Principal Components Analysis Biplot
|Related Online Training modules|
|Generally it is best to access online training from within Q by selecting Help > Online Training|
A Principal Components Analysis Biplot (or PCA Biplot for short) is a two-dimensional chart that represents the relationship between the rows and columns of a table. In Q, PCA biplots can be created using the Maps dialog box, which generates the biplot in Excel or PowerPoint, or by selecting Create > Dimension Reduction > Principal Components Analysis Biplot, which generates an interactive version of the chart using R.
Any table that contains rows and columns, including contingency tables, grids (e.g., from a Pick Any – Grid question) and RAW DATA. The objects that are the focus of the analysis should be in the rows of the table. For example, if analyzing brand associations, the brands should be shown in the rows.
Statistic used in the analysis
When using the option in the Maps dialogue, Q computes the analysis using whichever of the following statistics is available on the table (where multiple are available, the one that appears first is used):
When using the R version, Q will use whichever statistic is shown in the table.
The principal components analysis biplot highlights the extent to which the objects represented by the rows differ in terms of the objects represented by the columns. Most commonly, where the rows are brands and the columns are attributes, the principal components analysis biplot shows the biggest patterns evident in the data in terms of how the brands differ in terms of the attributes.
Consider the data shown below. In this example, the rows represent levels of education and the columns represent categories of readership of a magazine (source: Greenacre, Michael J. and Trevor Hastie (1987), "The Geometric Interpretation of Correspondence Analysis," Journal of the American Statistical Association, 82 (398), 437-47. The resulting principal components biplot is shown below.
Focusing just on the horizontal ordering of the chart (which is always the strongest pattern), note that the education levels have are in the order Secondary completed > Some secondary > Primary completed > Some tertiary > Some primary. Additionally, Secondary completed, Some secondary, and Primary completed lie on the right-hand side of the chart, towards the positions of the three readership categories; and Some tertiary and Some primary lie on the left, away from the positions of the readership categories. What this means is that, on average, Some tertiary and Some primary have similar response patterns and are below-average in terms of the readership categories. The opposite is true for the remaining three education levels. These facts are confirmed by looking at the original table.
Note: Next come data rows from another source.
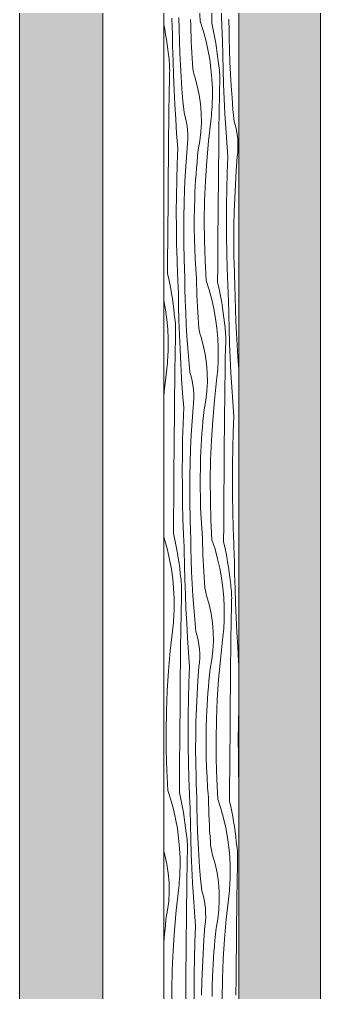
# Model space of a CAD drawing. Header units: millimetres. Extents: x -7826 to 55813, y 465 to 25965.
# Drawn here: x 43664 to 44386, y 7350 to 9682 of the extents above; entities that cross this region are included whole.
import ezdxf

# ---------------------------------------------------------------- set-up
doc = ezdxf.new("R2010")
doc.units = ezdxf.units.MM
doc.layers.add('2D Drafting - General2', color=251, linetype='Continuous', lineweight=15)
doc.layers.add('2D Drafting - General81', color=251, linetype='Continuous', lineweight=20)

# ---------------------------------------------------------------- blocks, each defined once
blk = doc.blocks.new('*X22')
at = {"layer": '2D Drafting - General81', "linetype": 'Continuous'}
for p, q in [((-54718.8, 57930.7), (-54721.3, 57978.5)), ((-54691, 57925.8), (-54690.7, 57965.2)), ((-54769.3, 57911.1), (-54769.6, 57939.7)), ((-54666.8, 57921.6), (-54668.2, 57959.7)), ((-54805.8, 57923.1), (-54805.8, 57923)), ((-54805.8, 57923), (-54803.5, 57911)), ((-54786.5, 57933.4), (-54786.7, 57938.1)), ((-54786.3, 57928.7), (-54786.5, 57933.4)), ((-54786.1, 57924), (-54786.3, 57928.7)), ((-54785.9, 57919.4), (-54786.1, 57924)), ((-54785.6, 57914.7), (-54785.9, 57919.4)), ((-54741.3, 57921.4), (-54741.6, 57934.7)), ((-54741, 57908.1), (-54741.3, 57921.4)), ((-54718.8, 57930.7), (-54711.6, 57908.3)), ((-54691, 57925.8), (-54688.3, 57913.8)), ((-54666.6, 57916.9), (-54666.8, 57921.6)), ((-54666.4, 57912.2), (-54666.6, 57916.9)), ((-54650.1, 57929.6), (-54650.3, 57935.2)), ((-54649.8, 57924.1), (-54650.1, 57929.6)), ((-54649.6, 57918.5), (-54649.8, 57924.1)), ((-54649.2, 57889.9), (-54649.6, 57918.5)), ((-54803.5, 57911), (-54801.4, 57898.9)), ((-54801.4, 57898.9), (-54799.5, 57886.8)), ((-54785.4, 57910), (-54785.6, 57914.7)), ((-54785.2, 57905.3), (-54785.4, 57910)), ((-54784.6, 57870.4), (-54785.2, 57905.3)), ((-54768.6, 57882.5), (-54769.3, 57911.1)), ((-54740.5, 57894.8), (-54741, 57908.1)), ((-54740, 57881.5), (-54740.5, 57894.8)), ((-54711.6, 57908.3), (-54705.3, 57885.7)), ((-54688.3, 57913.8), (-54685.7, 57901.8)), ((-54685.7, 57901.8), (-54683.4, 57889.8)), ((-54666.2, 57907.5), (-54666.4, 57912.2)), ((-54666, 57902.9), (-54666.2, 57907.5)), ((-54665.8, 57898.2), (-54666, 57902.9)), ((-54665.6, 57893.5), (-54665.8, 57898.2)), ((-54665.3, 57888.8), (-54665.6, 57893.5)), ((-54799.5, 57886.8), (-54797.7, 57874.6)), ((-54797.7, 57874.6), (-54796.2, 57862.4)), ((-54783.7, 57835.5), (-54784.6, 57870.4)), ((-54767.6, 57854), (-54768.6, 57882.5)), ((-54739.3, 57868.2), (-54740, 57881.5)), ((-54705.3, 57885.7), (-54700.1, 57862.7)), ((-54683.4, 57889.8), (-54681.3, 57877.7)), ((-54681.3, 57877.7), (-54679.4, 57865.6)), ((-54665.1, 57884.2), (-54665.3, 57888.8)), ((-54664.5, 57849.3), (-54665.1, 57884.2)), ((-54648.6, 57861.4), (-54649.2, 57889.9)), ((-54796.2, 57862.4), (-54794.9, 57850.2)), ((-54794, 57844.9), (-54794.9, 57850.2)), ((-54766.2, 57825.4), (-54767.6, 57854)), ((-54738.6, 57854.9), (-54739.3, 57868.2)), ((-54737.8, 57841.6), (-54738.6, 57854.9)), ((-54700.1, 57862.7), (-54695.9, 57839.6)), ((-54679.4, 57865.6), (-54677.7, 57853.4)), ((-54677.7, 57853.4), (-54676.1, 57841.3)), ((-54663.6, 57814.4), (-54664.5, 57849.3)), ((-54647.5, 57832.8), (-54648.6, 57861.4)), ((-54793.3, 57839.6), (-54794, 57844.9)), ((-54792.8, 57834.2), (-54793.3, 57839.6)), ((-54792.3, 57828.9), (-54792.8, 57834.2)), ((-54792, 57823.5), (-54792.3, 57828.9)), ((-54791.8, 57818.1), (-54792, 57823.5)), ((-54782.5, 57800.6), (-54783.7, 57835.5)), ((-54764.5, 57796.9), (-54766.2, 57825.4)), ((-54736.8, 57828.3), (-54737.8, 57841.6)), ((-54736.7, 57824.4), (-54736.8, 57828.3)), ((-54736.3, 57820.4), (-54736.7, 57824.4)), ((-54695.9, 57839.6), (-54692.8, 57816.3)), ((-54676.1, 57841.3), (-54674.8, 57829.1)), ((-54674, 57823.7), (-54674.8, 57829.1)), ((-54673.3, 57818.4), (-54674, 57823.7)), ((-54646.2, 57804.3), (-54647.5, 57832.8)), ((-54792.2, 57786.5), (-54791.8, 57807.4)), ((-54791.7, 57812.7), (-54791.8, 57818.1)), ((-54791.8, 57807.4), (-54791.7, 57812.7)), ((-54781.1, 57765.8), (-54782.5, 57800.6)), ((-54735.9, 57816.5), (-54736.3, 57820.4)), ((-54735.3, 57812.6), (-54735.9, 57816.5)), ((-54734.6, 57808.7), (-54735.3, 57812.6)), ((-54733.7, 57804.9), (-54734.6, 57808.7)), ((-54732.7, 57801), (-54733.7, 57804.9)), ((-54731.6, 57797.3), (-54732.7, 57801)), ((-54692.8, 57816.3), (-54690.6, 57792.8)), ((-54672.7, 57813.1), (-54673.3, 57818.4)), ((-54672.3, 57807.7), (-54672.7, 57813.1)), ((-54671.9, 57802.3), (-54672.3, 57807.7)), ((-54671.7, 57797), (-54671.9, 57802.3)), ((-54662.5, 57779.5), (-54663.6, 57814.4)), ((-54644.5, 57775.7), (-54646.2, 57804.3)), ((-54792.6, 57765.6), (-54792.2, 57786.5)), ((-54762.5, 57768.4), (-54764.5, 57796.9)), ((-54725.5, 57775.9), (-54731.6, 57797.3)), ((-54720.9, 57754.2), (-54725.5, 57775.9)), ((-54690.6, 57792.8), (-54689.5, 57769.4)), ((-54672.2, 57765.3), (-54671.7, 57786.2)), ((-54671.7, 57791.6), (-54671.7, 57797)), ((-54671.7, 57786.2), (-54671.7, 57791.6)), ((-54661, 57744.6), (-54662.5, 57779.5)), ((-54793, 57744.7), (-54792.6, 57765.6)), ((-54779.4, 57730.9), (-54781.1, 57765.8)), ((-54760.1, 57739.9), (-54762.5, 57768.4)), ((-54717.7, 57732.3), (-54720.9, 57754.2)), ((-54689.5, 57769.4), (-54689.5, 57745.8)), ((-54672.6, 57744.4), (-54672.2, 57765.3)), ((-54642.4, 57747.2), (-54644.5, 57775.7)), ((-54793.4, 57723.8), (-54793, 57744.7)), ((-54777.3, 57696), (-54779.4, 57730.9)), ((-54757.4, 57711.5), (-54760.1, 57739.9)), ((-54715.9, 57710.2), (-54717.7, 57732.3)), ((-54690.3, 57725.2), (-54689.9, 57732.1)), ((-54689.9, 57732.1), (-54689.7, 57739)), ((-54689.7, 57739), (-54689.5, 57745.8)), ((-54673, 57723.5), (-54672.6, 57744.4)), ((-54659.3, 57709.7), (-54661, 57744.6)), ((-54640.1, 57718.7), (-54642.4, 57747.2)), ((-54793.7, 57702.9), (-54793.4, 57723.8)), ((-54754.4, 57701.2), (-54757.4, 57711.5)), ((-54715.6, 57688), (-54715.9, 57710.2)), ((-54691.9, 57704.7), (-54691.3, 57711.5)), ((-54691.3, 57711.5), (-54690.7, 57718.4)), ((-54690.7, 57718.4), (-54690.3, 57725.2)), ((-54673.3, 57702.6), (-54673, 57723.5)), ((-54657.3, 57674.9), (-54659.3, 57709.7)), ((-54637.4, 57690.3), (-54640.1, 57718.7)), ((-54793.9, 57682), (-54793.7, 57702.9)), ((-54775, 57661.2), (-54777.3, 57696)), ((-54752, 57690.7), (-54754.4, 57701.2)), ((-54750.1, 57680.2), (-54752, 57690.7)), ((-54716.7, 57665.8), (-54715.6, 57688)), ((-54698.7, 57643.5), (-54693.4, 57691)), ((-54693.4, 57691), (-54692.6, 57697.9)), ((-54692.6, 57697.9), (-54691.9, 57704.7)), ((-54673.6, 57681.7), (-54673.3, 57702.6)), ((-54634.3, 57680), (-54637.4, 57690.3)), ((-54794.4, 57640.2), (-54794.2, 57661.1)), ((-54794.2, 57661.1), (-54793.9, 57682)), ((-54772.4, 57626.4), (-54775, 57661.2)), ((-54748.9, 57669.5), (-54750.1, 57680.2)), ((-54748.2, 57658.8), (-54748.9, 57669.5)), ((-54719.2, 57643.8), (-54716.7, 57665.8)), ((-54674.1, 57639.9), (-54673.9, 57660.8)), ((-54673.9, 57660.8), (-54673.6, 57681.7)), ((-54655, 57640), (-54657.3, 57674.9)), ((-54631.9, 57669.6), (-54634.3, 57680)), ((-54630, 57659), (-54631.9, 57669.6)), ((-54794.7, 57600.9), (-54794.4, 57640.2)), ((-54749.9, 57626.7), (-54748.8, 57637.4)), ((-54748.8, 57637.4), (-54748.2, 57648.1)), ((-54748.2, 57648.1), (-54748.2, 57658.8)), ((-54723.2, 57622), (-54719.2, 57643.8)), ((-54703, 57595.9), (-54698.7, 57643.5)), ((-54674.3, 57619.1), (-54674.1, 57639.9)), ((-54652.4, 57605.2), (-54655, 57640)), ((-54628.8, 57648.3), (-54630, 57659)), ((-54628.1, 57637.6), (-54628.8, 57648.3)), ((-54628.1, 57626.9), (-54628.1, 57637.6)), ((-54773.9, 57588.3), (-54772.4, 57626.4)), ((-54752.4, 57593.8), (-54749.9, 57626.7)), ((-54724.7, 57607.6), (-54723.2, 57622)), ((-54674.7, 57579.7), (-54674.3, 57619.1)), ((-54629.9, 57605.5), (-54628.7, 57616.2)), ((-54628.7, 57616.2), (-54628.1, 57626.9)), ((-54795.1, 57561.5), (-54794.7, 57600.9)), ((-54754.4, 57560.8), (-54752.4, 57593.8)), ((-54727.4, 57578.7), (-54726.1, 57593.1)), ((-54726.1, 57593.1), (-54724.7, 57607.6)), ((-54706, 57548.2), (-54703, 57595.9)), ((-54653.8, 57567.1), (-54652.4, 57605.2)), ((-54632.3, 57572.6), (-54629.9, 57605.5)), ((-54774.9, 57550.1), (-54773.9, 57588.3)), ((-54728.5, 57564.2), (-54727.4, 57578.7)), ((-54675, 57540.4), (-54674.7, 57579.7)), ((-54654.9, 57528.9), (-54653.8, 57567.1)), ((-54634.3, 57539.6), (-54632.3, 57572.6)), ((-54795.4, 57522.2), (-54795.1, 57561.5)), ((-54775.6, 57512), (-54774.9, 57550.1)), ((-54756, 57527.8), (-54754.4, 57560.8)), ((-54730.4, 57535.2), (-54729.5, 57549.7)), ((-54729.5, 57549.7), (-54728.5, 57564.2)), ((-54708, 57500.4), (-54706, 57548.2)), ((-54795.7, 57482.8), (-54795.4, 57522.2)), ((-54757.1, 57494.7), (-54756, 57527.8)), ((-54731.7, 57506.3), (-54731.1, 57520.7)), ((-54731.1, 57520.7), (-54730.4, 57535.2)), ((-54675.3, 57501), (-54675, 57540.4)), ((-54655.5, 57490.8), (-54654.9, 57528.9)), ((-54635.9, 57506.6), (-54634.3, 57539.6)), ((-54775.8, 57473.8), (-54775.6, 57512)), ((-54732.5, 57482.1), (-54731.7, 57506.3)), ((-54708.8, 57452.6), (-54708, 57500.4)), ((-54675.7, 57461.7), (-54675.3, 57501)), ((-54637, 57473.6), (-54635.9, 57506.6)), ((-54796, 57443.5), (-54795.7, 57482.8)), ((-54775.6, 57435.6), (-54775.8, 57473.8)), ((-54757.8, 57461.7), (-54757.1, 57494.7)), ((-54732.8, 57458), (-54732.5, 57482.1)), ((-54655.7, 57452.6), (-54655.5, 57490.8)), ((-54637.7, 57440.5), (-54637, 57473.6)), ((-54758, 57428.6), (-54757.8, 57461.7)), ((-54732.8, 57433.8), (-54732.8, 57458)), ((-54708.5, 57404.8), (-54708.8, 57452.6)), ((-54676, 57422.3), (-54675.7, 57461.7)), ((-54655.6, 57414.5), (-54655.7, 57452.6)), ((-54796.3, 57404.2), (-54796, 57443.5)), ((-54775, 57397.5), (-54775.6, 57435.6)), ((-54757.7, 57395.6), (-54758, 57428.6)), ((-54732.5, 57409.7), (-54732.8, 57433.8)), ((-54637.9, 57407.5), (-54637.7, 57440.5)), ((-54796.6, 57364.8), (-54796.3, 57404.2)), ((-54731.7, 57385.5), (-54732.5, 57409.7)), ((-54707.1, 57357), (-54708.5, 57404.8)), ((-54676.2, 57383), (-54676, 57422.3)), ((-54655, 57376.3), (-54655.6, 57414.5)), ((-54637.7, 57374.4), (-54637.9, 57407.5)), ((-54774.1, 57359.3), (-54775, 57397.5)), ((-54757.1, 57362.6), (-54757.7, 57395.6)), ((-54730.7, 57361.4), (-54731.7, 57385.5)), ((-54676.5, 57343.6), (-54676.2, 57383)), ((-54796.8, 57325.5), (-54796.6, 57364.8)), ((-54772.7, 57321.2), (-54774.1, 57359.3)), ((-54756.9, 57357), (-54757.1, 57362.6)), ((-54756.7, 57351.5), (-54756.9, 57357)), ((-54729.2, 57337.3), (-54730.7, 57361.4)), ((-54704.6, 57309.2), (-54707.1, 57357)), ((-54654, 57338.2), (-54655, 57376.3)), ((-54637, 57341.4), (-54637.7, 57374.4)), ((-54756.5, 57345.9), (-54756.7, 57351.5)), ((-54756.3, 57340.4), (-54756.5, 57345.9)), ((-54756.1, 57334.8), (-54756.3, 57340.4)), ((-54755.9, 57329.3), (-54756.1, 57334.8)), ((-54727.4, 57313.2), (-54729.2, 57337.3)), ((-54676.8, 57304.3), (-54676.5, 57343.6)), ((-54652.6, 57300), (-54654, 57338.2)), ((-54636.8, 57335.8), (-54637, 57341.4)), ((-54636.7, 57330.3), (-54636.8, 57335.8)), ((-54796.8, 57325.5), (-54794.1, 57313.5)), ((-54794.1, 57313.5), (-54791.6, 57301.5)), ((-54772.5, 57316.5), (-54772.7, 57321.2)), ((-54772.3, 57311.9), (-54772.5, 57316.5)), ((-54772.1, 57307.2), (-54772.3, 57311.9)), ((-54755.7, 57323.7), (-54755.9, 57329.3)), ((-54755.4, 57318.2), (-54755.7, 57323.7)), ((-54755.1, 57289.6), (-54755.4, 57318.2)), ((-54727.1, 57299.9), (-54727.4, 57313.2)), ((-54636.5, 57324.7), (-54636.7, 57330.3)), ((-54636.3, 57319.2), (-54636.5, 57324.7)), ((-54636.1, 57313.6), (-54636.3, 57319.2)), ((-54635.8, 57308.1), (-54636.1, 57313.6)), ((-54791.6, 57301.5), (-54789.3, 57289.4)), ((-54789.3, 57289.4), (-54787.2, 57277.4)), ((-54771.9, 57302.5), (-54772.1, 57307.2)), ((-54771.6, 57297.8), (-54771.9, 57302.5)), ((-54771.4, 57293.2), (-54771.6, 57297.8)), ((-54771.2, 57288.5), (-54771.4, 57293.2)), ((-54770.9, 57283.8), (-54771.2, 57288.5)), ((-54754.4, 57261), (-54755.1, 57289.6)), ((-54726.8, 57286.6), (-54727.1, 57299.9)), ((-54726.3, 57273.3), (-54726.8, 57286.6)), ((-54704.6, 57309.2), (-54697.3, 57286.8)), ((-54697.3, 57286.8), (-54691.1, 57264.1)), ((-54676.8, 57304.3), (-54674.1, 57292.3)), ((-54674.1, 57292.3), (-54671.5, 57280.3)), ((-54652.4, 57295.4), (-54652.6, 57300)), ((-54652.2, 57290.7), (-54652.4, 57295.4)), ((-54652, 57286), (-54652.2, 57290.7)), ((-54635.6, 57302.5), (-54635.8, 57308.1)), ((-54635.4, 57297), (-54635.6, 57302.5)), ((-54635, 57268.4), (-54635.4, 57297)), ((-54787.2, 57277.4), (-54785.2, 57265.2)), ((-54785.2, 57265.2), (-54783.5, 57253.1)), ((-54770.4, 57248.9), (-54770.9, 57283.8)), ((-54725.8, 57260), (-54726.3, 57273.3)), ((-54691.1, 57264.1), (-54685.9, 57241.2)), ((-54671.5, 57280.3), (-54669.2, 57268.3)), ((-54669.2, 57268.3), (-54667.1, 57256.2)), ((-54651.8, 57281.3), (-54652, 57286)), ((-54651.6, 57276.7), (-54651.8, 57281.3)), ((-54651.3, 57272), (-54651.6, 57276.7)), ((-54651.1, 57267.3), (-54651.3, 57272)), ((-54650.9, 57262.7), (-54651.1, 57267.3)), ((-54634.3, 57239.9), (-54635, 57268.4)), ((-54805.8, 57261.7), (-54801.8, 57239.2)), ((-54783.5, 57253.1), (-54782, 57240.9)), ((-54782, 57240.9), (-54780.7, 57228.7)), ((-54769.5, 57214), (-54770.4, 57248.9)), ((-54753.4, 57232.5), (-54754.4, 57261)), ((-54725.1, 57246.7), (-54725.8, 57260)), ((-54724.4, 57233.4), (-54725.1, 57246.7)), ((-54685.9, 57241.2), (-54681.7, 57218.1)), ((-54667.1, 57256.2), (-54665.2, 57244.1)), ((-54665.2, 57244.1), (-54663.4, 57231.9)), ((-54650.3, 57227.7), (-54650.9, 57262.7)), ((-54633.3, 57211.3), (-54634.3, 57239.9)), ((-54801.8, 57239.2), (-54798.6, 57215.9)), ((-54779.8, 57223.4), (-54780.7, 57228.7)), ((-54779.1, 57218.1), (-54779.8, 57223.4)), ((-54778.6, 57212.7), (-54779.1, 57218.1)), ((-54752, 57203.9), (-54753.4, 57232.5)), ((-54723.6, 57220.1), (-54724.4, 57233.4)), ((-54722.6, 57206.8), (-54723.6, 57220.1)), ((-54681.7, 57218.1), (-54678.5, 57194.8)), ((-54663.4, 57231.9), (-54661.9, 57219.7)), ((-54661.9, 57219.7), (-54660.6, 57207.6)), ((-54649.4, 57192.8), (-54650.3, 57227.7)), ((-54798.6, 57215.9), (-54796.5, 57192.5)), ((-54778.1, 57207.4), (-54778.6, 57212.7)), ((-54777.8, 57202), (-54778.1, 57207.4)), ((-54777.6, 57196.6), (-54777.8, 57202)), ((-54777.5, 57191.2), (-54777.6, 57196.6)), ((-54768.3, 57179.1), (-54769.5, 57214)), ((-54750.3, 57175.4), (-54752, 57203.9)), ((-54722.4, 57202.8), (-54722.6, 57206.8)), ((-54722.1, 57198.9), (-54722.4, 57202.8)), ((-54721.7, 57195), (-54722.1, 57198.9)), ((-54721.1, 57191.1), (-54721.7, 57195)), ((-54678.5, 57194.8), (-54676.4, 57171.3)), ((-54659.8, 57202.2), (-54660.6, 57207.6)), ((-54659.1, 57196.9), (-54659.8, 57202.2)), ((-54658.5, 57191.6), (-54659.1, 57196.9)), ((-54632, 57182.7), (-54633.3, 57211.3)), ((-54796.5, 57192.5), (-54795.4, 57169)), ((-54778, 57165), (-54777.6, 57185.9)), ((-54777.6, 57185.9), (-54777.5, 57191.2)), ((-54766.9, 57144.2), (-54768.3, 57179.1)), ((-54748.3, 57146.9), (-54750.3, 57175.4)), ((-54720.4, 57187.2), (-54721.1, 57191.1)), ((-54719.5, 57183.3), (-54720.4, 57187.2)), ((-54718.5, 57179.5), (-54719.5, 57183.3)), ((-54717.4, 57175.7), (-54718.5, 57179.5)), ((-54711.3, 57154.4), (-54717.4, 57175.7)), ((-54676.4, 57171.3), (-54675.3, 57147.8)), ((-54658, 57186.2), (-54658.5, 57191.6)), ((-54657.7, 57180.8), (-54658, 57186.2)), ((-54657.5, 57175.4), (-54657.7, 57180.8)), ((-54657.5, 57170.1), (-54657.5, 57175.4)), ((-54657.5, 57164.7), (-54657.5, 57170.1)), ((-54648.3, 57158), (-54649.4, 57192.8)), ((-54630.3, 57154.2), (-54632, 57182.7)), ((-54795.4, 57169), (-54795.3, 57145.5)), ((-54778.4, 57144.1), (-54778, 57165)), ((-54745.9, 57118.4), (-54748.3, 57146.9)), ((-54706.7, 57132.7), (-54711.3, 57154.4)), ((-54675.3, 57147.8), (-54675.3, 57124.3)), ((-54658, 57143.8), (-54657.5, 57164.7)), ((-54646.8, 57123.1), (-54648.3, 57158)), ((-54628.2, 57125.7), (-54630.3, 57154.2)), ((-54796.6, 57118), (-54796.1, 57124.9)), ((-54796.1, 57124.9), (-54795.8, 57131.8)), ((-54795.8, 57131.8), (-54795.5, 57138.6)), ((-54795.5, 57138.6), (-54795.3, 57145.5)), ((-54779.1, 57102.3), (-54778.8, 57123.2)), ((-54778.8, 57123.2), (-54778.4, 57144.1)), ((-54765.1, 57109.4), (-54766.9, 57144.2)), ((-54703.5, 57110.8), (-54706.7, 57132.7)), ((-54675.4, 57117.5), (-54675.3, 57124.3)), ((-54658.4, 57122.9), (-54658, 57143.8)), ((-54645.1, 57088.2), (-54646.8, 57123.1)), ((-54625.9, 57097.2), (-54628.2, 57125.7)), ((-54798.5, 57097.5), (-54797.8, 57104.3)), ((-54797.8, 57104.3), (-54797.1, 57111.2)), ((-54797.1, 57111.2), (-54796.6, 57118)), ((-54779.5, 57081.4), (-54779.1, 57102.3)), ((-54763.1, 57074.5), (-54765.1, 57109.4)), ((-54743.2, 57089.9), (-54745.9, 57118.4)), ((-54701.7, 57088.7), (-54703.5, 57110.8)), ((-54676.5, 57096.9), (-54676.1, 57103.7)), ((-54676.1, 57103.7), (-54675.7, 57110.6)), ((-54675.7, 57110.6), (-54675.4, 57117.5)), ((-54659.1, 57081.1), (-54658.7, 57102)), ((-54658.7, 57102), (-54658.4, 57122.9)), ((-54804.6, 57043.2), (-54799.3, 57090.7)), ((-54799.3, 57090.7), (-54798.5, 57097.5)), ((-54779.7, 57060.5), (-54779.5, 57081.4)), ((-54740.2, 57079.7), (-54743.2, 57089.9)), ((-54737.7, 57069.2), (-54740.2, 57079.7)), ((-54701.4, 57066.5), (-54701.7, 57088.7)), ((-54678.4, 57076.3), (-54677.7, 57083.2)), ((-54677.7, 57083.2), (-54677.1, 57090)), ((-54677.1, 57090), (-54676.5, 57096.9)), ((-54659.4, 57060.2), (-54659.1, 57081.1)), ((-54643.1, 57053.4), (-54645.1, 57088.2)), ((-54625.8, 57097), (-54625.9, 57097.2)), ((-54780, 57039.6), (-54779.7, 57060.5)), ((-54760.8, 57039.7), (-54763.1, 57074.5)), ((-54735.9, 57058.6), (-54737.7, 57069.2)), ((-54734.6, 57048), (-54735.9, 57058.6)), ((-54702.5, 57044.3), (-54701.4, 57066.5)), ((-54684.5, 57022), (-54679.2, 57069.5)), ((-54679.2, 57069.5), (-54678.4, 57076.3)), ((-54659.7, 57039.3), (-54659.4, 57060.2)), ((-54640.8, 57018.5), (-54643.1, 57053.4)), ((-54805.8, 57029.1), (-54804.6, 57043.2)), ((-54780.2, 57018.7), (-54780, 57039.6)), ((-54758.2, 57004.9), (-54760.8, 57039.7)), ((-54734, 57037.3), (-54734.6, 57048)), ((-54734, 57026.6), (-54734, 57037.3)), ((-54705, 57022.3), (-54702.5, 57044.3)), ((-54659.9, 57018.4), (-54659.7, 57039.3)), ((-54780.5, 56979.4), (-54780.2, 57018.7)), ((-54735.7, 57005.2), (-54734.5, 57015.9)), ((-54734.5, 57015.9), (-54734, 57026.6)), ((-54708.9, 57000.5), (-54705, 57022.3)), ((-54688.7, 56974.4), (-54684.5, 57022)), ((-54660.1, 56997.5), (-54659.9, 57018.4)), ((-54638.2, 56983.7), (-54640.8, 57018.5)), ((-54759.7, 56966.7), (-54758.2, 57004.9)), ((-54738.2, 56972.2), (-54735.7, 57005.2)), ((-54711.9, 56971.6), (-54710.5, 56986)), ((-54710.5, 56986), (-54708.9, 57000.5)), ((-54660.5, 56958.2), (-54660.1, 56997.5)), ((-54639.6, 56945.6), (-54638.2, 56983.7)), ((-54780.9, 56940), (-54780.5, 56979.4)), ((-54760.7, 56928.6), (-54759.7, 56966.7)), ((-54740.2, 56939.3), (-54738.2, 56972.2)), ((-54713.1, 56957.2), (-54711.9, 56971.6)), ((-54691.8, 56926.6), (-54688.7, 56974.4)), ((-54781.2, 56900.7), (-54780.9, 56940)), ((-54741.8, 56906.2), (-54740.2, 56939.3)), ((-54715.3, 56928.2), (-54714.3, 56942.7)), ((-54714.3, 56942.7), (-54713.1, 56957.2)), ((-54660.8, 56918.9), (-54660.5, 56958.2)), ((-54640.6, 56907.4), (-54639.6, 56945.6)), ((-54761.3, 56890.4), (-54760.7, 56928.6)), ((-54716.9, 56899.2), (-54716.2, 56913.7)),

Furthermore, the distance between the readership categories and the origin in the biplot show us that the categories Very Thorough and Fairly Thorough distinguish the educational groups more than the Glance category.
Finally, the small angle between the positions for Glance and Fairly Thorough shows us that those two categories have similar response patterns across the education groups.
Consider the large image grid shown below and the resulting biplot shown underneath.
This chart allows us to see the associations between the brands and the image categories. We can see that the image categories Here today, gone tomorrow, Fashionable, Bureaucratic, and Don’t know much about them most strongly distinguish the brands. It also allows us to see patterns of correlation between the image categories. For example there is a correlation between Unreliable and Here today, gone tomorrow.
The biplot also allows us to see associations between the brands. For example Virgin mobile, Orange (Hutchison), AAPT, and New Tel each have similar response patterns, and are most strongly distinguished by Don’t know much about them. With regard to this category, Telstra (Mobile Net) is located far on the other side of the origin, and this indicates that has roughly opposite response patterns. In the table we can see that Telstra (Mobile Net) has the lowest score for this image category, whereas the other three are much higher.
The PCA biplot can be produced using either the Maps dialogue, or as an R Output. Note that the output of the option in the Maps corresponds to the R Output with Normalization option set to Row principal.
The Maps option assumes that the focus of the analysis is on differences between rows in the input table. The R Output is more flexible, allowing different normalization schemes to be used. For example, the normalization should be set to Column principal if the focus of the analysis is more concerned with differences between the columns of the table. However, the Maps option may provide better integration with Microsoft Excel or Microsoft PowerPoint.
In both implementations, the principal coordinates are scaled by the square root of the singular values (i.e., by the standard deviations of the estimated components). The first component is given a scale of 1 and the second component’s scale is the ratio of the standard deviation of the second component divided by the standard deviation of the first. Some other statistics programs scale differently to Q. For example, R first scales by the standard deviation (rather than the ratio of the standard deviations) and then applies a second scaling to permit the row and column points to be charted in the same space. Although this changes the absolute magnitude of the numbers it does not change the interpretation (i.e., the relativities are equivalent), and the same conclusions will be drawn from the data regardless of the scaling.